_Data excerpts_
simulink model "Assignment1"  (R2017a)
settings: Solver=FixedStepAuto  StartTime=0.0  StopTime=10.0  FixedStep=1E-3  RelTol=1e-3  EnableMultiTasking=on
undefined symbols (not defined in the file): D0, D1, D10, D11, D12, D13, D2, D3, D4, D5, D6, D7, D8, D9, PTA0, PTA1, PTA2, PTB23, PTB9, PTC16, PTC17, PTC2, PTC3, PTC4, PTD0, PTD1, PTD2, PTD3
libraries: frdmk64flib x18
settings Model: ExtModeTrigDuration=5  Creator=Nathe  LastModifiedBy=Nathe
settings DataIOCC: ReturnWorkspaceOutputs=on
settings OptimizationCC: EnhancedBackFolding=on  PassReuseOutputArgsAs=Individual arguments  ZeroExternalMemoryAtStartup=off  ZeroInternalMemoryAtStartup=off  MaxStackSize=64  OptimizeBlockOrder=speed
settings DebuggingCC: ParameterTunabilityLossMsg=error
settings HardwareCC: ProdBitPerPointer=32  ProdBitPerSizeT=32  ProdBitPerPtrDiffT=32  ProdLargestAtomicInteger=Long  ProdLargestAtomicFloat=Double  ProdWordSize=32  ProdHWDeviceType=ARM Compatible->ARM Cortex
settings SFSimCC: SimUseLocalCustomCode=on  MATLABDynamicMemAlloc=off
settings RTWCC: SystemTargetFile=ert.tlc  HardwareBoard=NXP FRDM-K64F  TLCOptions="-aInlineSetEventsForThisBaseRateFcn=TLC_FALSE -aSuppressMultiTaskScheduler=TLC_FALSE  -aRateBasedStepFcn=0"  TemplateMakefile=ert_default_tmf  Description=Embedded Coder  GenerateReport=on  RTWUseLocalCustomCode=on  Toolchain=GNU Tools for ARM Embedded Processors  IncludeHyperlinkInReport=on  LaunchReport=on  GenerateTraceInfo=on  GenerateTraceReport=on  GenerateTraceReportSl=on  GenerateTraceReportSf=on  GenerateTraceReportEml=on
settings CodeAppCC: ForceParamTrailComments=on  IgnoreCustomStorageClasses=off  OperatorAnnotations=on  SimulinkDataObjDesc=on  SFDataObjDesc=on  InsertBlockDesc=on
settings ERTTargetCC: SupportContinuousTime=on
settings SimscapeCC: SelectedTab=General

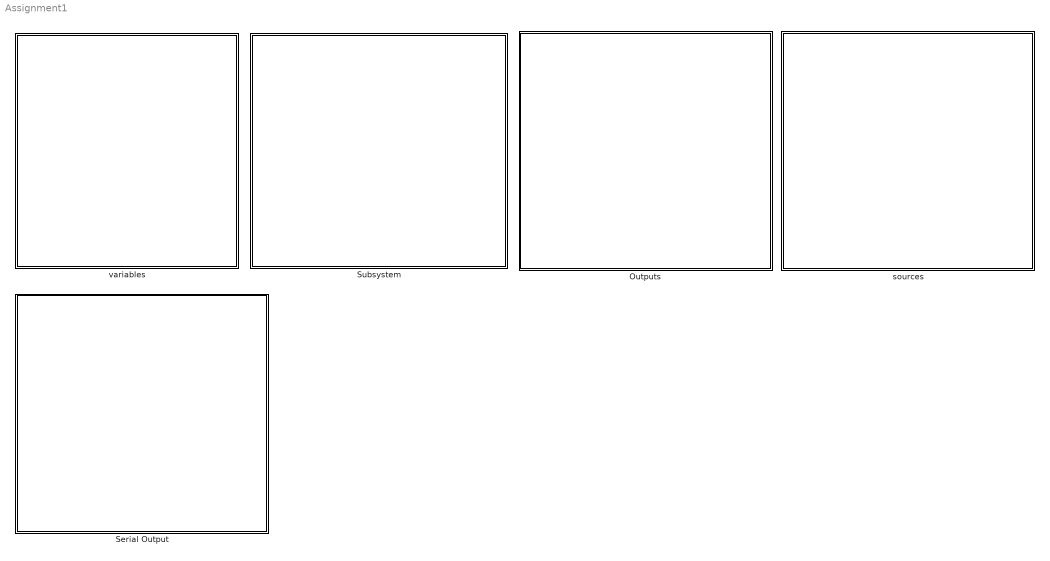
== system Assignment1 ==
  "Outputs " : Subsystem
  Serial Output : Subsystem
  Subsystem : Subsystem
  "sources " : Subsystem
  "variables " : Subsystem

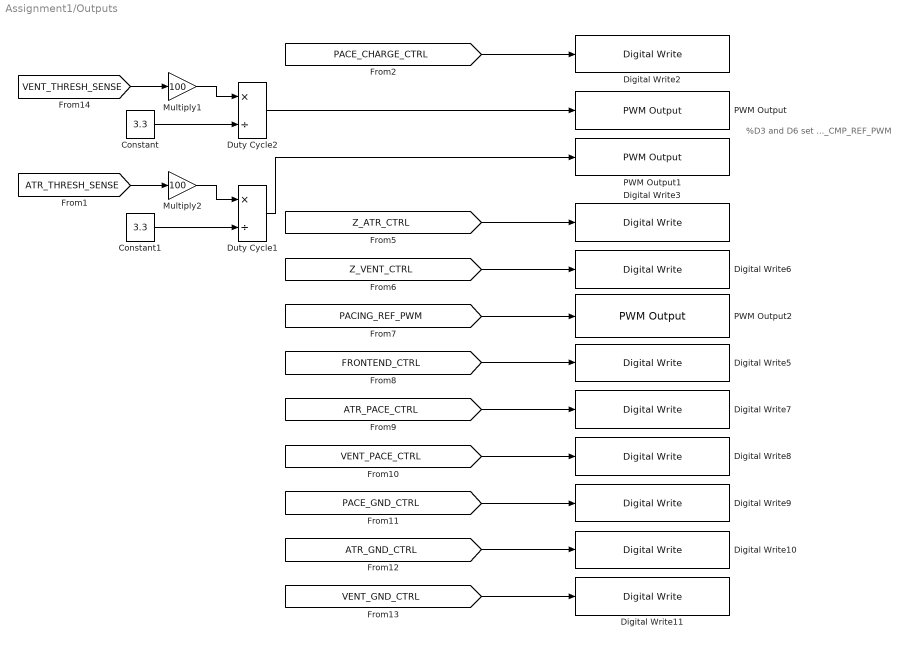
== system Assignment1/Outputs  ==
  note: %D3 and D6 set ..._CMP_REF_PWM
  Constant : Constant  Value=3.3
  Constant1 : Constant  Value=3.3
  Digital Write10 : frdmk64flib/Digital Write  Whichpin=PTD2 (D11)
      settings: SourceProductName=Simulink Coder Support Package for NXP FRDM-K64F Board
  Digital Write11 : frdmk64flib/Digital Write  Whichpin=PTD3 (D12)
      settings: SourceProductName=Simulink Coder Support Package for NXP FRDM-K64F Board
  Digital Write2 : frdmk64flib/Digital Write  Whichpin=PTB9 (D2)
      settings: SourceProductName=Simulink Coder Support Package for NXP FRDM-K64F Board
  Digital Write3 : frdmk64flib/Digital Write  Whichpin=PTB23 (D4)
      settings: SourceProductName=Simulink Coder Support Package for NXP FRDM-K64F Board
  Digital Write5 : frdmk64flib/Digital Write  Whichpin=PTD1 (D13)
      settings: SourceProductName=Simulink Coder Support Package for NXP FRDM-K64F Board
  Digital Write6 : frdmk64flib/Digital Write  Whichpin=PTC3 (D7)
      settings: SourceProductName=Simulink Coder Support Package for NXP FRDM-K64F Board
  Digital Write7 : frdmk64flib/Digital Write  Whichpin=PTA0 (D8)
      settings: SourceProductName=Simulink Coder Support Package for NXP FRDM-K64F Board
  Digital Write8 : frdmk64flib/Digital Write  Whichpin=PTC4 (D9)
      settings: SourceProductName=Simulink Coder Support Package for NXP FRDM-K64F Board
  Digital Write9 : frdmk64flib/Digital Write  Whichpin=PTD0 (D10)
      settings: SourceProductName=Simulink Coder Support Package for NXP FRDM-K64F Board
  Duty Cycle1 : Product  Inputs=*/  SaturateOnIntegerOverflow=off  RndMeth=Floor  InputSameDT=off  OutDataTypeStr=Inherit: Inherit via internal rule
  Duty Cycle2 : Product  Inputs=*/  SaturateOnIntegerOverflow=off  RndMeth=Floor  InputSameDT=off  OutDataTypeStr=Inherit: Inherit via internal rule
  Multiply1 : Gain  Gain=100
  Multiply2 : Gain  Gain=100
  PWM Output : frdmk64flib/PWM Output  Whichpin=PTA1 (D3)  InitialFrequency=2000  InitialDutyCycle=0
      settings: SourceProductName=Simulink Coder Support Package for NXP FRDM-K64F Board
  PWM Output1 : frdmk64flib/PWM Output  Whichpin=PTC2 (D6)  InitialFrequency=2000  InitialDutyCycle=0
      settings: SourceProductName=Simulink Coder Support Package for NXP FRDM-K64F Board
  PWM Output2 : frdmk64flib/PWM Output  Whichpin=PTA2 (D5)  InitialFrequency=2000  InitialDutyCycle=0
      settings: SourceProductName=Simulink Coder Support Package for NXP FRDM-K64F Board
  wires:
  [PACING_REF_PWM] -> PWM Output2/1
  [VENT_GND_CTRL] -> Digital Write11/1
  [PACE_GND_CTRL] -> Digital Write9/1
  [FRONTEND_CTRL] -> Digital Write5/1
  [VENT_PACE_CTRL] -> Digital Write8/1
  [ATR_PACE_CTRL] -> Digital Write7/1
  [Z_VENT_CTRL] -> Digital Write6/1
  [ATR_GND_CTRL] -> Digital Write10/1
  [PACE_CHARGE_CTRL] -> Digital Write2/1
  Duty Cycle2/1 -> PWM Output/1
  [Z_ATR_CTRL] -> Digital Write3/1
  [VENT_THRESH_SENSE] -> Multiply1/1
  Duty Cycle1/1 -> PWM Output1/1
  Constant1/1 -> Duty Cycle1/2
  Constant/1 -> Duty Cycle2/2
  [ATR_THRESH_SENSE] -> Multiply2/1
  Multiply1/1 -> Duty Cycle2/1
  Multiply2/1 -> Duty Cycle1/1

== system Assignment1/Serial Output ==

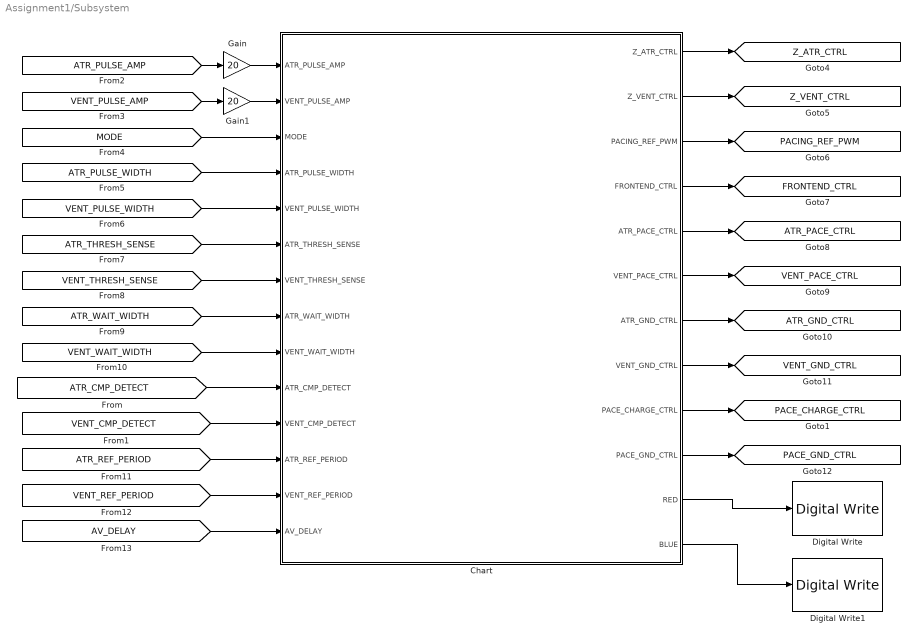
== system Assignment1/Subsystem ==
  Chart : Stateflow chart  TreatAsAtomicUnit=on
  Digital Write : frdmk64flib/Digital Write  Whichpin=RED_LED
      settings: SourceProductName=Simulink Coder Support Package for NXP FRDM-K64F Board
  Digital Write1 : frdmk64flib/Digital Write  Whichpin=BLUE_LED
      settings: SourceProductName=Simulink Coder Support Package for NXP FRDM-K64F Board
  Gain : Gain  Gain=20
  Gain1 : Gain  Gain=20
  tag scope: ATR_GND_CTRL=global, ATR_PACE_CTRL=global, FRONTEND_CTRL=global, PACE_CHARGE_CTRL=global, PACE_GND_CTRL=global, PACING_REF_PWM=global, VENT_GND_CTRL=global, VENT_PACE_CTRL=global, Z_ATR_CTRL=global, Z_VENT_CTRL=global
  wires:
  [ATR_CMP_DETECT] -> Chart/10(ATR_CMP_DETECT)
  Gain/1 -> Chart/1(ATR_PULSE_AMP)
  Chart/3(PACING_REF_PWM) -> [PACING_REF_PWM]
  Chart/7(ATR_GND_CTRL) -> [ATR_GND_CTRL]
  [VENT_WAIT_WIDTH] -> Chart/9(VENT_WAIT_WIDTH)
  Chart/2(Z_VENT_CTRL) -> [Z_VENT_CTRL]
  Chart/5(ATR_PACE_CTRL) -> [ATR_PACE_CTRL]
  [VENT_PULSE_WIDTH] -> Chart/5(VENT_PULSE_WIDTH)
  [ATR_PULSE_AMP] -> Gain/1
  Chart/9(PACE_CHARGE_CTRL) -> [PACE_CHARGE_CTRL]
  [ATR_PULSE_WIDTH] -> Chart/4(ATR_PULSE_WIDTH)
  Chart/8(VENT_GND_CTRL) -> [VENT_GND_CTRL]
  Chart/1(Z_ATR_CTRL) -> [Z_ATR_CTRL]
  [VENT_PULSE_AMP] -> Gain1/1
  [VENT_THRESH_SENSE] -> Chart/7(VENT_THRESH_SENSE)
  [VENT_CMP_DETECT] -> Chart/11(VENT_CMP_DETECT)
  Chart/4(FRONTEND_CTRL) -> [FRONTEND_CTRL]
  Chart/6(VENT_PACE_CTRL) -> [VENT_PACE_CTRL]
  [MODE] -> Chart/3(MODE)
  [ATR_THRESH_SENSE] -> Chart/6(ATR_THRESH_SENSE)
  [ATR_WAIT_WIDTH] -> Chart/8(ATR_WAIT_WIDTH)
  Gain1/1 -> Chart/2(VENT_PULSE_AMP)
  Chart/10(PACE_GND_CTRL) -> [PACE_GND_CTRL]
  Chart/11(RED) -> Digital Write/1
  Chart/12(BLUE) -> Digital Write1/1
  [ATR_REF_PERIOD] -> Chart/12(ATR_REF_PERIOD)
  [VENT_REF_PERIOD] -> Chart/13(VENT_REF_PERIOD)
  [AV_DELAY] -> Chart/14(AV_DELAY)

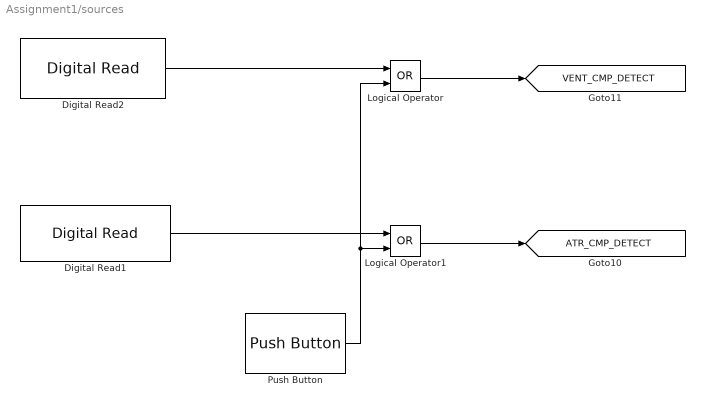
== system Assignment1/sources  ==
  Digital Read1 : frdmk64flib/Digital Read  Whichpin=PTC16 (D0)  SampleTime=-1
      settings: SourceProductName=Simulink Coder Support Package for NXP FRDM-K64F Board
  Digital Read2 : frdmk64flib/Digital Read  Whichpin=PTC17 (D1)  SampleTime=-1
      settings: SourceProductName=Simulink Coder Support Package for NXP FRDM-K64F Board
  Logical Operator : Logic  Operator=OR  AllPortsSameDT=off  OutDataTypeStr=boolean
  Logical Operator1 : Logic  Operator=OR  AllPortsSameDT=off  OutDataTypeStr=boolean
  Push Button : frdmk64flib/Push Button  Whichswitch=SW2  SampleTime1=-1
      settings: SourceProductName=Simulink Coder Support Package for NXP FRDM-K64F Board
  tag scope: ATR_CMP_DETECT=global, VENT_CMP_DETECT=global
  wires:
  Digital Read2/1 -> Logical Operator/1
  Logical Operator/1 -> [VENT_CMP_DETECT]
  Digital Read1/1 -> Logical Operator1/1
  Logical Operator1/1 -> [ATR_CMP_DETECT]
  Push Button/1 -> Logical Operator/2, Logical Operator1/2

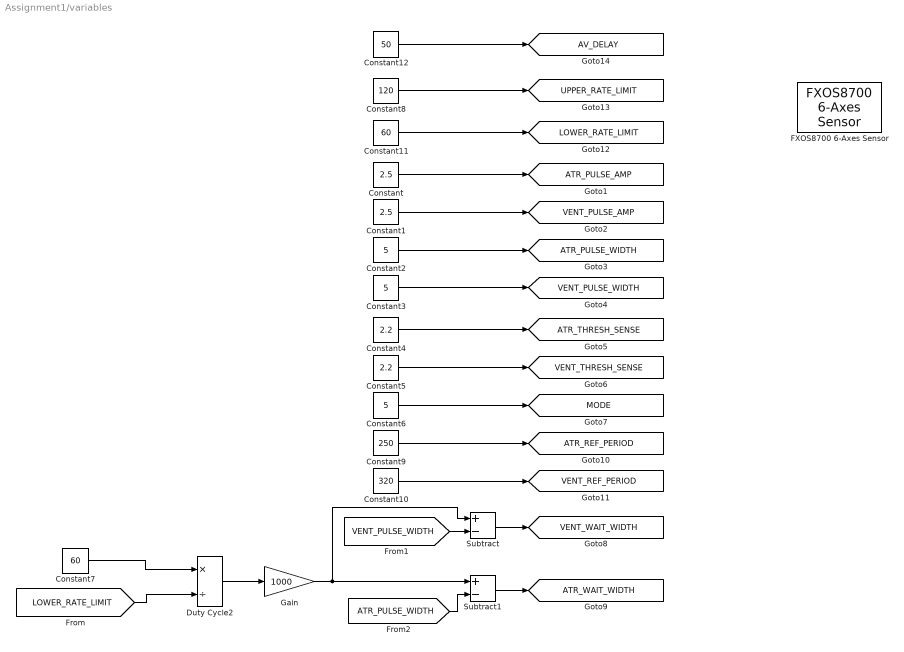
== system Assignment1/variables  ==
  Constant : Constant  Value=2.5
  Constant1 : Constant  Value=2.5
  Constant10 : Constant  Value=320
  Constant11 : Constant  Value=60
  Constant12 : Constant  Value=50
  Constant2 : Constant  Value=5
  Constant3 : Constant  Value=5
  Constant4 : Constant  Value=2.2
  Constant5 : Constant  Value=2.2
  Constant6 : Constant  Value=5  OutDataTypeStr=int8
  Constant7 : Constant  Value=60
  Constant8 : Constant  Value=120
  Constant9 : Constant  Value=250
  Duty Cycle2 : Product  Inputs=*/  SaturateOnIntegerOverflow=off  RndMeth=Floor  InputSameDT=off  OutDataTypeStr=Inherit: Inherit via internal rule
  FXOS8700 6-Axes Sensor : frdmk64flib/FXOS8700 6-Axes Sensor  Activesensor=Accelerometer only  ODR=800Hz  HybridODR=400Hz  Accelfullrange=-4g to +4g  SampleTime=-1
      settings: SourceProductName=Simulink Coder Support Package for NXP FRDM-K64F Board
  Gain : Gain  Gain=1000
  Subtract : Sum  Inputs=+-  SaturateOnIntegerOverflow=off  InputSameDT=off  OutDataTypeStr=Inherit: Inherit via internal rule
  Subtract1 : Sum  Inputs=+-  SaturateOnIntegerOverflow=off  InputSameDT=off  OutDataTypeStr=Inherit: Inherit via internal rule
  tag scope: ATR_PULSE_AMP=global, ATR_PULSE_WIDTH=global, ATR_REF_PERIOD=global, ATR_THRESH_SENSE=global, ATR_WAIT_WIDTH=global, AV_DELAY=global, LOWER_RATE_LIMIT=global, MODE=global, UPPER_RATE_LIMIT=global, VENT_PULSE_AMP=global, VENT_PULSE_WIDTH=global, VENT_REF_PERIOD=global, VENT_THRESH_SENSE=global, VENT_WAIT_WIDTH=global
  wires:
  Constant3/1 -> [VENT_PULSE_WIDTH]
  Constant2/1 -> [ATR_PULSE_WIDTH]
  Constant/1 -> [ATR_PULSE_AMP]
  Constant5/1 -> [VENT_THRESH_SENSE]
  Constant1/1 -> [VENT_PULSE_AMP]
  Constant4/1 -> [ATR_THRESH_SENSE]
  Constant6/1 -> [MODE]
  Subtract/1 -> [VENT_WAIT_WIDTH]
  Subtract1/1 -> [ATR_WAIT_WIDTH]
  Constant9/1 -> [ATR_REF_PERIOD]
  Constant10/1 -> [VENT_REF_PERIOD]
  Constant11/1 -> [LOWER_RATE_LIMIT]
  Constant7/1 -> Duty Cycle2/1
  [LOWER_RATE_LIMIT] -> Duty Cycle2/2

_Problem statement_
Start at the first line of the data above. Stop after the line containing "settings DataIOCC: ReturnWorkspaceOutputs=on", reproducing each line exactly and adding nothing.

_Exercise response_
simulink model "Assignment1"  (R2017a)
settings: Solver=FixedStepAuto  StartTime=0.0  StopTime=10.0  FixedStep=1E-3  RelTol=1e-3  EnableMultiTasking=on
undefined symbols (not defined in the file): D0, D1, D10, D11, D12, D13, D2, D3, D4, D5, D6, D7, D8, D9, PTA0, PTA1, PTA2, PTB23, PTB9, PTC16, PTC17, PTC2, PTC3, PTC4, PTD0, PTD1, PTD2, PTD3
libraries: frdmk64flib x18
settings Model: ExtModeTrigDuration=5  Creator=Nathe  LastModifiedBy=Nathe
settings DataIOCC: ReturnWorkspaceOutputs=on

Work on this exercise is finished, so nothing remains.